Journal of the Royal Society Interface | 2007
Dustin J. Penn; Elisabeth Oberzaucher; Karl Grammer; Gottfried Fischer; Helena A. Soini; Donald Wiesler; Milos V. Novotny; Sarah J. Dixon; Yun Xu; Richard G. Brereton
Individuals are thought to have their own distinctive scent, analogous to a signature or fingerprint. To test this idea, we collected axillary sweat, urine and saliva from 197 adults from a village in the Austrian Alps, taking five sweat samples per subject over 10 weeks using a novel skin sampling device. We analysed samples using stir bar sorptive extraction in connection with thermal desorption gas chromatograph–mass spectrometry (GC–MS), and then we statistically analysed the chromatographic profiles using pattern recognition techniques.

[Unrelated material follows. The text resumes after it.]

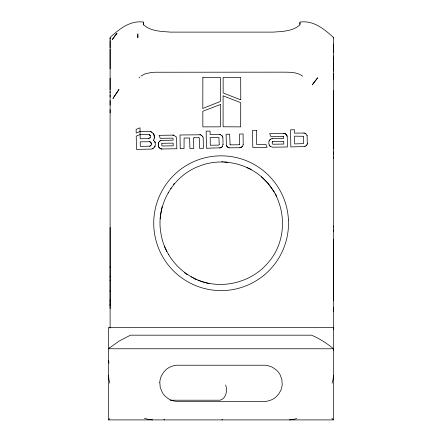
<?xml version="1.0" encoding="UTF-8"?>
<svg xmlns="http://www.w3.org/2000/svg" width="442" height="442" viewBox="0 0 442 442"><rect width="100%" height="100%" fill="white"/><g stroke="black" fill="none" stroke-linecap="round" stroke-linejoin="round"><path stroke-width="0.66" d="M110.108 47.924L110.108 40.603M110.102 308.566L110.102 227.343M110.108 112.981L110.108 109.594M110.108 105.135L110.108 100.627M110.108 97.047L110.108 94.792M110.108 92.881L110.108 91.422M110.108 89.875L110.108 37.448C119.213 29.05 130.329 20.128 143.595 22.1L143.595 24.99M137.849 33.609L137.849 37.631L137.849 34.587M143.595 22.536L143.65 24.802C150.6 31.432 161.54 31.365 170.551 32.117L272.985 32.117C282.013 31.481 292.941 31.371 299.886 24.857L299.941 22.536M220.42 104.577L220.359 126.837L202.867 126.882L202.812 111.246L220.409 104.527M202.95 77.295L220.42 77.455L220.392 101.45L203.016 108.362M272.78 141.545L283.747 141.352L283.792 144.053L272.968 144.241C271.946 144.031 271.913 141.948 272.825 141.534M333.439 349.219L333.439 350.583M333.439 329.323L333.439 328.174M333.439 311.511L333.439 311.052M333.439 310.577L333.439 310.085M333.439 309.08L333.439 308.588M333.439 307.654L333.439 307.24M333.439 300.748L333.439 300.372M333.439 299.952L333.439 299.499M333.439 299.024L333.439 298.527M333.439 297.521L333.439 297.03M333.439 296.626L333.439 240.487M333.439 239.746L333.439 239.255M333.439 231.752L333.439 231.415M333.439 230.619L333.439 230.172M333.439 229.691L333.439 229.199M333.439 227.221L333.439 226.768M333.439 226.348L333.439 225.972M333.445 158.197L333.445 156.788M333.445 154.551L333.445 151.86M333.445 148.96L333.445 90.306M333.445 79.875L333.445 73.427M333.445 71.013L333.445 62.432M333.445 61.112L333.445 55.957M333.445 52.25L333.445 44.062M333.445 38.006L333.445 37.459C324.273 29.061 313.312 20.05 299.941 22.1L299.941 24.409M333.445 375.733L333.13 379.137L332.119 383.186M154.319 138.153L154.418 137.175M222.332 146.495L223.033 144.468L222.906 137.666M158.369 143.197L158.308 145.766L159.032 147.49M272.399 142.07L272.416 141.915A0.564 0.564 0 0 1 272.548 141.689L272.587 141.65M303.416 136.285L294.565 136.175L294.687 143.893L303.405 143.639L303.499 136.501M161.8 143.794L162.325 143.296L173.142 143.125L173.192 145.827L162.275 146.009L161.844 145.639L161.827 143.661M219.215 144.639L218.923 137.523L210.177 137.528L210.304 145.247L218.691 145.109L219.193 144.744M154.993 146.203L155.369 144.457L155.125 142.44M149.755 134.981L150.418 136.197L150.252 137.396A2.321 2.321 0 0 1 150.087 137.683L149.871 137.959M223.1 95.975L223.1 126.782L240.663 126.871L240.724 102.693L223.232 95.859M243.205 144.528L243.083 133.987L239.525 134.042L239.691 144.236L239.343 144.749M223.011 144.727L223.033 144.44M240.774 99.549L240.691 77.378L223.144 77.389L223.138 92.936L240.365 99.748L240.785 99.461M151.059 145.214L151.247 144.838A1.497 1.497 0 0 0 151.341 144.512L150.838 142.374A1.967 1.967 0 0 1 151.065 142.672M160.131 218.884L161.429 209.729M198.867 137.711L194.049 137.788L193.629 138.114L193.745 148.473L189.938 148.54L189.59 137.992L184.104 138.037L184.038 148.628L180.242 148.689L180.021 134.998L200.309 134.777M154.385 137.738L153.943 139.34M197.834 279.985C222.171 290.19 252.316 282.327 268.83 261.813C288.096 239.36 286.593 203.453 266.67 181.933C250.222 163.407 221.934 156.866 199.038 166.242C172.651 175.977 155.772 205.574 160.916 233.254C164.54 258.017 184.955 278.957 209.475 283.62M241.697 147.026L242.73 145.888L243.21 144.501M269.609 140.086C268.515 141.655 268.554 143.954 269.526 145.573M202.806 108.29L202.867 77.317M304.842 146.523L306.494 145.424L307.345 143.722L307.085 135.467M307.345 143.722L307.35 143.694A3.287 3.287 0 0 1 307.168 144.313M161.573 209.127L162.153 206.729M158.369 143.208L158.667 142.407M155.02 146.136L153.54 148.12L151.424 149.087L136.451 149.39L136.235 136.119L140.103 134.567L149.252 134.639M158.496 142.794L158.512 142.76A6.851 6.851 0 0 1 158.678 142.379L159.844 141.053L161.518 140.396L173.098 140.186L173.054 138.523L172.595 138.131L160.258 138.329L159.07 135.335L173.187 135.125M154.888 146.429L154.91 146.39A4.232 4.232 0 0 1 154.49 147.114L154.49 147.114M153.645 140.296L153.86 139.517M168.159 192.939L168.319 192.64M222.348 146.473L222.066 146.827M150.048 137.744L150.087 137.683A2.724 2.724 0 0 1 149.882 137.948L148.451 138.639L140.175 138.771L139.998 127.804L136.13 129.362L136.186 133.053L140.059 131.495L149.435 131.379L151.855 132.175M173.468 184.474L174.236 183.424M150.976 145.341L150.175 146.009A2.061 2.061 0 0 0 150.534 145.794M269.592 140.108L270.764 139.075L272.134 138.622L283.703 138.412L283.659 136.771L283.217 136.363M242.343 146.424L242.365 146.401A3.823 3.823 0 0 1 242.05 146.733M170.717 188.701L171.281 188.06M139.059 77.936L139.76 77.162M306.345 145.589L305.963 145.932M222.077 146.816L221.348 147.446A4.774 4.774 0 0 1 221.094 147.6L220.906 147.694M333.445 37.459L333.445 419.9L108.555 419.9L109.859 418.596M270.128 139.528L270.427 139.296M160.015 140.937L159.838 141.059A4.022 4.022 0 0 0 159.38 141.434M241.393 147.225L241.675 147.037L240.299 147.65M153.009 148.484L153.048 148.462A5 5 0 0 1 152.457 148.766L152.286 148.843M141.031 76.03L145.186 73.808L151.214 72.499L155.015 72.234L284.908 72.162C291.007 72.234 297.61 72.317 302.715 76.184M149.623 146.186L150.142 146.02M160.418 140.716L160.888 140.534M220.762 147.761L206.442 148.269L206.171 131.158L210.077 131.092L210.127 134.517L220.077 134.478M220.586 147.832L220.928 147.689A4.077 4.077 0 0 0 221.348 147.446M303.919 133.036L294.516 133.158L294.466 129.744L290.554 129.804L290.83 146.921L304.864 146.517M296.731 418.574L292.681 419.585L289.333 419.9M239.879 147.722L240.315 147.65M149.639 146.186L140.291 146.363L140.225 141.799L149.832 141.738M240.034 147.7L229.315 147.838M230.083 144.86L239.271 144.772M219.602 148.048L219.63 148.048A5.763 5.763 0 0 0 219.917 148.015M283.891 133.362A3.343 3.343 0 0 0 283.565 133.34L269.67 133.561L270.852 136.556L283.228 136.363M333.445 327.478L108.555 327.478L108.555 419.9M108.561 360.213L108.964 363.131M170.054 400.209L219.226 400.209A5.232 5.232 0 0 0 220.602 400.027C224.293 398.905 226.122 394.866 226.47 391.303A14.569 14.569 0 0 0 226.42 387.949L225.696 385.026M152.7 419.9L148.197 419.37L144.401 418.281M172.833 135.114L173.811 135.224M161.921 148.982L161.137 148.871M283.532 133.34L285.046 133.677M269.51 145.551L269.979 146.12A6.63 6.63 0 0 0 270.272 146.379L272.543 147.208L287.411 146.976L287.245 137.037A3.138 3.138 0 0 0 287.212 136.556L286.361 134.666M198.872 137.711L199.408 138.175L199.574 148.385L203.392 148.324L203.204 137.976M221.768 161.733L223.133 161.86M224.492 161.987L227.895 162.302M149.341 141.655L150.827 142.363M199.806 134.7L200.591 134.854M173.308 135.136L173.601 135.18M303.897 133.031L304.4 133.108M229.321 147.838L228.569 147.617M219.856 134.429L220.232 134.523M304.372 133.103L305.356 133.473M159.689 148.164L161.159 148.882M200.535 134.838L201.707 135.418M173.789 135.219L176.06 136.849M284.56 133.495L284.576 133.501A4.658 4.658 0 0 1 284.996 133.655L285.317 133.81M220.193 134.506L222.409 136.213M150.672 131.622L151.048 131.76A6.547 6.547 0 0 1 151.821 132.152L153.772 134.224L154.418 137.202M149.993 141.794L150.357 141.965M160.772 148.766L160.396 148.606M194.624 278.836L196.497 279.515M246.94 167.595L251.222 169.424M228.619 147.639L226.906 146.302M195.077 278.786L191.27 276.814M149.23 134.628L149.379 134.711A2.166 2.166 0 0 1 149.628 134.876L149.783 135.009M285.289 133.793L285.759 134.103M305.323 133.451L305.919 133.843M201.657 135.385L202.734 136.578L203.193 137.915M230.089 144.86L229.647 134.202L226.066 134.257L226.448 145.424M270.382 146.462L269.99 146.131M184.496 272.708L187.137 274.697M285.736 134.086L286.228 134.523M261.41 176.8L267.692 182.977L274.311 191.994M159.131 147.617L159.711 148.18M305.892 133.821L307.184 135.771M153.623 140.28L155.07 142.302M227.553 147.004L227.586 147.031A3.448 3.448 0 0 1 227.166 146.622L227.039 146.479M331.82 418.276L333.434 419.889M286.372 134.683L286.272 134.572A2.597 2.597 0 0 0 286.002 134.302M222.011 135.661L222.044 135.7A3.376 3.376 0 0 1 222.354 136.114L222.912 137.677M159.164 147.656L158.639 146.843M153.313 133.501L153.341 133.545A6.138 6.138 0 0 1 153.672 134.036M168.43 254.305L168.783 254.796M226.923 146.324L226.403 145.296M154.595 141.357L154.623 141.396A6.26 6.26 0 0 1 154.888 141.865M202.563 136.296L202.74 136.584M275.338 193.789L275.626 194.298M166.91 251.631L164.275 246.067M153.75 134.191L153.777 134.235A5.011 5.011 0 0 1 154.081 134.932L154.17 135.197M176.131 136.97L176.64 138.617L176.806 148.744L161.794 148.976A5.58 5.58 0 0 1 161.308 148.915M275.764 194.59L276.57 196.176M226.635 145.849L226.613 145.805A3.315 3.315 0 0 1 226.486 145.517M150.192 135.545L150.203 135.561A2.138 2.138 0 0 0 149.96 135.202M154.976 142.059L155.136 142.479M269.211 145.009L269.222 145.037A2.514 2.514 0 0 0 269.316 145.225M287.018 135.804L287.145 136.224M151.275 143.131L151.313 143.252A3.354 3.354 0 0 1 151.357 143.468M109.859 383.12L108.859 379.087L108.555 375.755M154.275 135.606L154.33 135.882M158.324 145.843L158.275 145.285M154.396 136.655L154.413 136.954M151.379 143.694L151.385 144.064M110.108 49.156L110.108 68.853M110.108 37.824L110.108 39.145M110.108 78.085L110.108 328.047M110.102 266.708L110.102 267.206M110.102 276.421L110.102 276.836M110.102 280.239L110.102 280.692M110.102 290.825L110.102 291.317M110.102 299.952L110.102 300.4M110.102 301.378L110.102 301.875M110.102 303.803L110.102 304.223M110.102 304.599L110.102 304.936M110.102 305.212L110.102 305.599M110.108 327.478L110.108 327.87M164.639 419.9A7.315 5.171 0 0 1 163.894 419.657M222.652 419.657A7.315 5.171 0 0 1 221.906 419.9M158.258 144.18A6.608 6.608 0 0 1 158.264 143.888M228.094 147.39A4.862 4.862 0 0 1 227.713 147.131M269.134 140.921A2.995 2.995 0 0 1 269.305 140.567M271.918 138.655A3.984 3.984 0 0 1 272.554 138.589M286.742 135.213A4.205 4.205 0 0 1 286.891 135.495M193.795 137.893A0.558 0.558 0 0 1 193.983 137.799M149.363 134.7A2.315 2.315 0 0 1 149.645 134.887M148.91 138.55A1.68 1.68 0 0 1 148.556 138.622M288.438 219.906A67.19 67.19 0 0 0 287.228 210.066C284.029 193.817 274.598 178.916 261.272 169.082A66.858 66.858 0 0 0 252.896 163.778A68.3 68.3 0 0 0 243.829 159.755C227.21 153.761 208.265 154.683 192.314 162.291A66.864 66.864 0 0 0 180.982 169.082C169.446 177.612 160.789 189.922 156.634 203.651A67.527 67.527 0 0 0 154.462 213.326C151.446 232.995 157.766 253.791 171.187 268.476A68.029 68.029 0 0 0 178.369 275.311C186.9 282.305 197.16 287.156 207.978 289.317A67.19 67.19 0 0 0 214.519 290.284A67.56 67.56 0 0 0 231.017 289.88C243.017 288.096 254.504 283.013 263.88 275.311A66.924 66.924 0 0 0 271.062 268.476C279.957 258.669 285.852 246.2 287.792 233.105A67.56 67.56 0 0 0 288.438 219.906M159.805 382.347L160.219 387.402L162.429 392.739A18.829 18.829 0 0 0 165.59 396.601L168.673 398.922A17.199 17.199 0 0 0 171.877 400.413L174.126 401.032A18.503 18.503 0 0 0 177.888 401.413L264.123 401.413A17.752 17.752 0 0 0 266.902 401.198A18.393 18.393 0 0 0 275.802 397.154L278.443 394.43L280.775 390.424A18.785 18.785 0 0 0 282.206 384.302L281.797 379.253L280.178 374.938A18.779 18.779 0 0 0 276.432 370.048L272.255 367.114L267.907 365.606A18.509 18.509 0 0 0 264.139 365.219L177.872 365.219A17.757 17.757 0 0 0 175.087 365.44A18.387 18.387 0 0 0 166.186 369.49L163.551 372.219L161.231 376.225A18.779 18.779 0 0 0 159.805 382.347M118.953 89.461L112.997 98.45L118.953 89.461M114.666 36.089L112.345 39.498L117.069 33.178L114.666 36.089M317.616 77.891L312.245 84.82L317.616 77.891M109.776 347.755L108.555 348.771L333.445 348.771C326.865 343.196 319.45 338.594 311.527 335.18L130.473 335.18L119.401 340.92L109.776 347.755M256.421 130.379L252.526 130.44L252.802 147.529L267.084 147.302L265.913 144.357L256.647 144.501L256.421 130.379"/></g></svg>

We found more volatile compounds in axillary sweat than in urine or saliva, and among these we found 373 peaks that were consistent over time (detected in four out of five samples per individual). Among these candidate compounds, we found individually distinct and reproducible GC–MS fingerprints, a reproducible difference between the sexes, and we identified the chemical structures of 44 individual and 12 gender-specific volatile compounds. These individual compounds provide candidates for major histocompatibility complex and other genetically determined odours. This is the first study on human axillary odour to sample a large number of subjects, and our findings are relevant to understanding the chemical nature of human odour, and efforts to design electronic sensors (e-nose) for biometric fingerprinting and disease diagnoses.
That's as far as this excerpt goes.